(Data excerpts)
§
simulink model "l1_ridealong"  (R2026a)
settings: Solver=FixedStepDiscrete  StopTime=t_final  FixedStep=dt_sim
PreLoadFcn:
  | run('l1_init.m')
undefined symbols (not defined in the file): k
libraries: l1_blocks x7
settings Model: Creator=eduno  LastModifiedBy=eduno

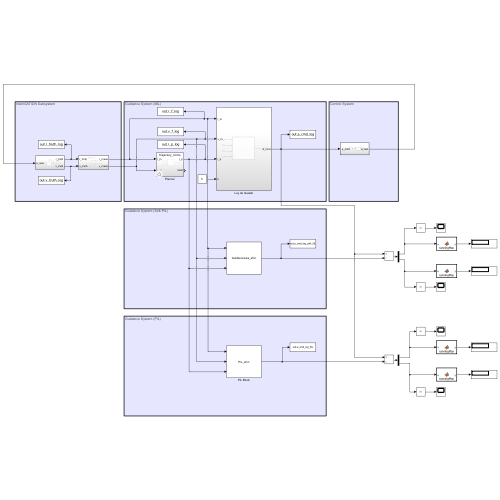
[thumbnail: Simulink's stored preview of the top-level diagram]
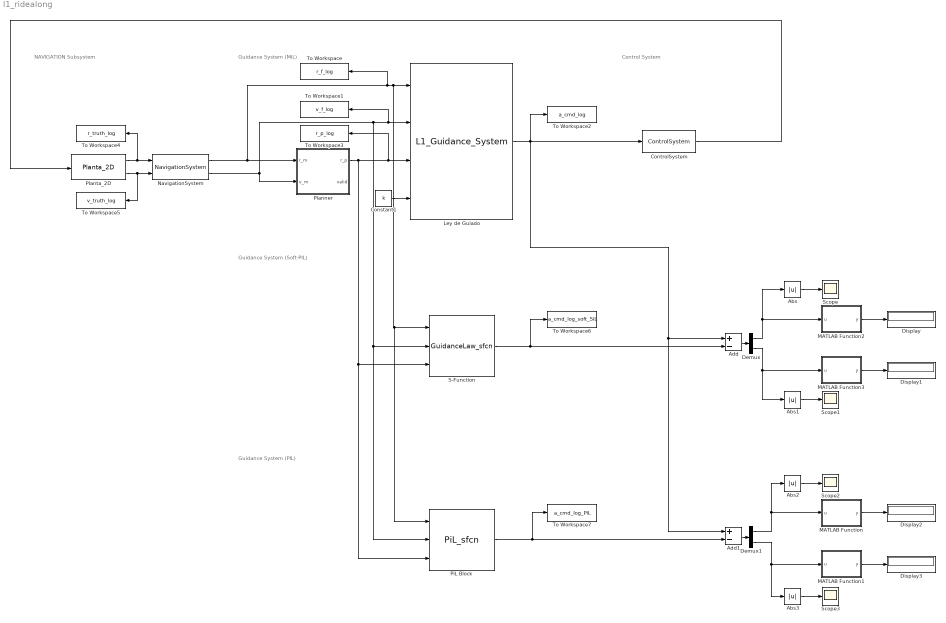
== system l1_ridealong ==
  note: Control System
  note: NAVIGATION Subsystem
  note: Guidance System (MiL)
  note: Guidance System (Soft-PIL)
  note: Guidance System (PIL)
  Abs{,1..3} (4 alike) : Abs  SaturateOnIntegerOverflow=off
  Add : Sum  Inputs=+-
  Add1 : Sum  Inputs=+-
  Constant1 : Constant  Value=k
  ControlSystem : l1_blocks/ControlSystem  SystemSampleTime=-1  VariantActivationTime=update diagram  EmptyChoice=off  PassThrough=off  PassThroughVariantControl=(default)  EmptyChoiceVariantControl=(default)  AllowFlexibleInterface=on  Latency=0  AutoFrameSizeCalculation=off
  Demux : Demux  Outputs=2
  Demux1 : Demux  Outputs=2
  Display{,1..3} (4 alike) : Display
  Ley de Guiado : l1_blocks/L1_Guidance_System  SystemSampleTime=-1  VariantActivationTime=update diagram  EmptyChoice=off  PassThrough=off  PassThroughVariantControl=(default)  EmptyChoiceVariantControl=(default)  AllowFlexibleInterface=on  Latency=0  AutoFrameSizeCalculation=off
  MATLAB Function : MATLAB Function  TreatAsAtomicUnit=on
  MATLAB Function1 : MATLAB Function  TreatAsAtomicUnit=on
  MATLAB Function2 : MATLAB Function  TreatAsAtomicUnit=on
  MATLAB Function3 : MATLAB Function  TreatAsAtomicUnit=on
  NavigationSystem : l1_blocks/NavigationSystem  SystemSampleTime=-1  VariantActivationTime=update diagram  EmptyChoice=off  PassThrough=off  PassThroughVariantControl=(default)  EmptyChoiceVariantControl=(default)  AllowFlexibleInterface=on  Latency=0  AutoFrameSizeCalculation=off
  PiL Block : S-Function  FunctionName=PiL_sfcn  SFunctionDeploymentMode=off  EnableBusSupport=off
  Planner : Subsystem  Variant=on
  Planta_2D : l1_blocks/Planta_2D  SystemSampleTime=-1  VariantActivationTime=update diagram  EmptyChoice=off  PassThrough=off  PassThroughVariantControl=(default)  EmptyChoiceVariantControl=(default)  AllowFlexibleInterface=on  Latency=0  AutoFrameSizeCalculation=off
  S-Function : S-Function  FunctionName=GuidanceLaw_sfcn  SFunctionDeploymentMode=off  EnableBusSupport=off
  Scope{,1..3} (4 alike) : Scope
      Scope settings: ActiveDisplayYMinimum=-0.00020522351922828874  ActiveDisplayYMaximum=0.0018470116730545992
      Scope1 settings: ActiveDisplayYMinimum=-1  ActiveDisplayYMaximum=1
      Scope2 settings: ActiveDisplayYMinimum=-0.00038604099091711516  ActiveDisplayYMaximum=0.0034743689182540373  DataLoggingVariableName=ScopeData2
      Scope3 settings: ActiveDisplayYMinimum=-0.000386040990917115  ActiveDisplayYMaximum=0.003474368918254036  DataLoggingVariableName=ScopeData3
  To Workspace : ToWorkspace  VariableName=r_f_log  SaveFormat=Timeseries  SampleTime=-1
  To Workspace1 : ToWorkspace  VariableName=v_f_log  SaveFormat=Timeseries  SampleTime=-1
  To Workspace2 : ToWorkspace  VariableName=a_cmd_log  SaveFormat=Timeseries  SampleTime=-1
  To Workspace3 : ToWorkspace  VariableName=r_p_log  SaveFormat=Timeseries  SampleTime=-1
  To Workspace4 : ToWorkspace  VariableName=r_truth_log  SaveFormat=Timeseries  SampleTime=-1
  To Workspace5 : ToWorkspace  VariableName=v_truth_log  SaveFormat=Timeseries  SampleTime=-1
  To Workspace6 : ToWorkspace  VariableName=a_cmd_log_soft_SiL  SaveFormat=Timeseries  SampleTime=-1
  To Workspace7 : ToWorkspace  VariableName=a_cmd_log_PiL  SaveFormat=Timeseries  SampleTime=-1
  wires:
  NavigationSystem/1 -> To Workspace/1, PiL Block/1, S-Function/1, Ley de Guiado/1, Planner/1(r_m)
  NavigationSystem/2 -> Planner/2(v_m), Ley de Guiado/2, To Workspace1/1, PiL Block/2, S-Function/2
  Constant1/1 -> Ley de Guiado/4
  Ley de Guiado/1 -> ControlSystem/1, Add1/1, Add/1, To Workspace2/1
  Planner/1(r_p) -> Ley de Guiado/3, To Workspace3/1, PiL Block/3, S-Function/3
  ControlSystem/1 -> Planta_2D/1
  Planta_2D/1 -> To Workspace4/1, NavigationSystem/1
  Planta_2D/2 -> To Workspace5/1, NavigationSystem/2
  S-Function/1 -> To Workspace6/1, Add/2
  Add/1 -> Demux/1
  Demux/1 -> MATLAB Function2/1(u), Abs/1
  Demux/2 -> MATLAB Function3/1(u), Abs1/1
  MATLAB Function2/1(y) -> Display/1
  MATLAB Function3/1(y) -> Display1/1
  Add1/1 -> Demux1/1
  Demux1/2 -> Abs3/1, MATLAB Function1/1(u)
  Demux1/1 -> MATLAB Function/1(u), Abs2/1
  PiL Block/1 -> To Workspace7/1, Add1/2
  MATLAB Function/1(y) -> Display2/1
  MATLAB Function1/1(y) -> Display3/1
  Abs/1 -> Scope/1
  Abs1/1 -> Scope1/1
  Abs2/1 -> Scope2/1
  Abs3/1 -> Scope3/1

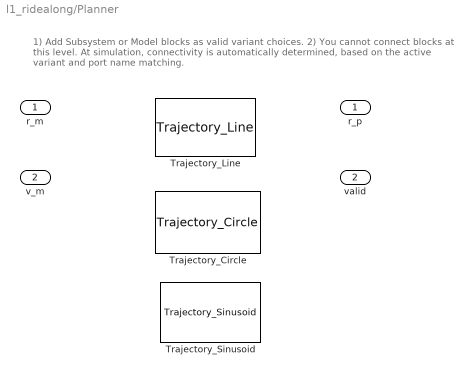
== system l1_ridealong/Planner ==
  note: 1) Add Subsystem or Model blocks as valid variant choices.
      | 2) You cannot connect blocks at this level. At simulation, connectivity is automatically
      | determined, based on the active variant and port name matching.
  r_m : Inport
  v_m : Inport  Port=2
  Trajectory_Circle : l1_blocks/Trajectory_Circle  SystemSampleTime=-1  VariantControl=VAR_CIRCLE  VariantActivationTime=update diagram  EmptyChoice=off  PassThrough=off  PassThroughVariantControl=(default)  EmptyChoiceVariantControl=(default)  AllowFlexibleInterface=on  Latency=0  AutoFrameSizeCalculation=off
  Trajectory_Line : l1_blocks/Trajectory_Line  SystemSampleTime=-1  VariantControl=VAR_LINE  VariantActivationTime=update diagram  EmptyChoice=off  PassThrough=off  PassThroughVariantControl=(default)  EmptyChoiceVariantControl=(default)  AllowFlexibleInterface=on  Latency=0  AutoFrameSizeCalculation=off
  Trajectory_Sinusoid : l1_blocks/Trajectory_Sinusoid  SystemSampleTime=-1  VariantControl=VAR_SINUSOID  VariantActivationTime=update diagram  EmptyChoice=off  PassThrough=off  PassThroughVariantControl=(default)  EmptyChoiceVariantControl=(default)  AllowFlexibleInterface=on  Latency=0  AutoFrameSizeCalculation=off
  r_p : Outport
  valid : Outport  Port=2

== matlab function l1_ridealong/MATLAB Function ==
  data: u input; y output
function y = runningMax(u)
persistent maxVal3

if isempty(maxVal3)
    maxVal3 = abs(u);
elseif u > maxVal3
    maxVal3 = abs(u);
end

y = maxVal3;
end

== matlab function l1_ridealong/MATLAB Function2 ==
  data: u input; y output
function y = runningMax(u)
persistent maxVal1

if isempty(maxVal1)
    maxVal1 = abs(u);
elseif u > maxVal1
    maxVal1 = abs(u);
end

y = maxVal1;
end

== matlab function l1_ridealong/MATLAB Function3 ==
  data: u input; y output
function y = runningMax(u)
persistent maxVal2

if isempty(maxVal2)
    maxVal2 = abs(u);
elseif u > maxVal2
    maxVal2 = abs(u);
end

y = maxVal2;
end

== matlab function l1_ridealong/MATLAB Function1 ==
  data: u input; y output
function y = runningMax(u)
persistent maxVal4

if isempty(maxVal4)
    maxVal4 = abs(u);
elseif u > maxVal4
    maxVal4 = abs(u);
end

y = maxVal4;
end
§
REQUIREMENT ::
Print, without alteration, only the lines above between the one holding "NavigationSystem : l1_blocks/NavigationSystem" and the one holding "Scope3 settings: ActiveDisplayYMinimum=-0.000386040990917115", inclusive.

RESPONSE AREA ::
  NavigationSystem : l1_blocks/NavigationSystem  SystemSampleTime=-1  VariantActivationTime=update diagram  EmptyChoice=off  PassThrough=off  PassThroughVariantControl=(default)  EmptyChoiceVariantControl=(default)  AllowFlexibleInterface=on  Latency=0  AutoFrameSizeCalculation=off
  PiL Block : S-Function  FunctionName=PiL_sfcn  SFunctionDeploymentMode=off  EnableBusSupport=off
  Planner : Subsystem  Variant=on
  Planta_2D : l1_blocks/Planta_2D  SystemSampleTime=-1  VariantActivationTime=update diagram  EmptyChoice=off  PassThrough=off  PassThroughVariantControl=(default)  EmptyChoiceVariantControl=(default)  AllowFlexibleInterface=on  Latency=0  AutoFrameSizeCalculation=off
  S-Function : S-Function  FunctionName=GuidanceLaw_sfcn  SFunctionDeploymentMode=off  EnableBusSupport=off
  Scope{,1..3} (4 alike) : Scope
      Scope settings: ActiveDisplayYMinimum=-0.00020522351922828874  ActiveDisplayYMaximum=0.0018470116730545992
      Scope1 settings: ActiveDisplayYMinimum=-1  ActiveDisplayYMaximum=1
      Scope2 settings: ActiveDisplayYMinimum=-0.00038604099091711516  ActiveDisplayYMaximum=0.0034743689182540373  DataLoggingVariableName=ScopeData2
      Scope3 settings: ActiveDisplayYMinimum=-0.000386040990917115  ActiveDisplayYMaximum=0.003474368918254036  DataLoggingVariableName=ScopeData3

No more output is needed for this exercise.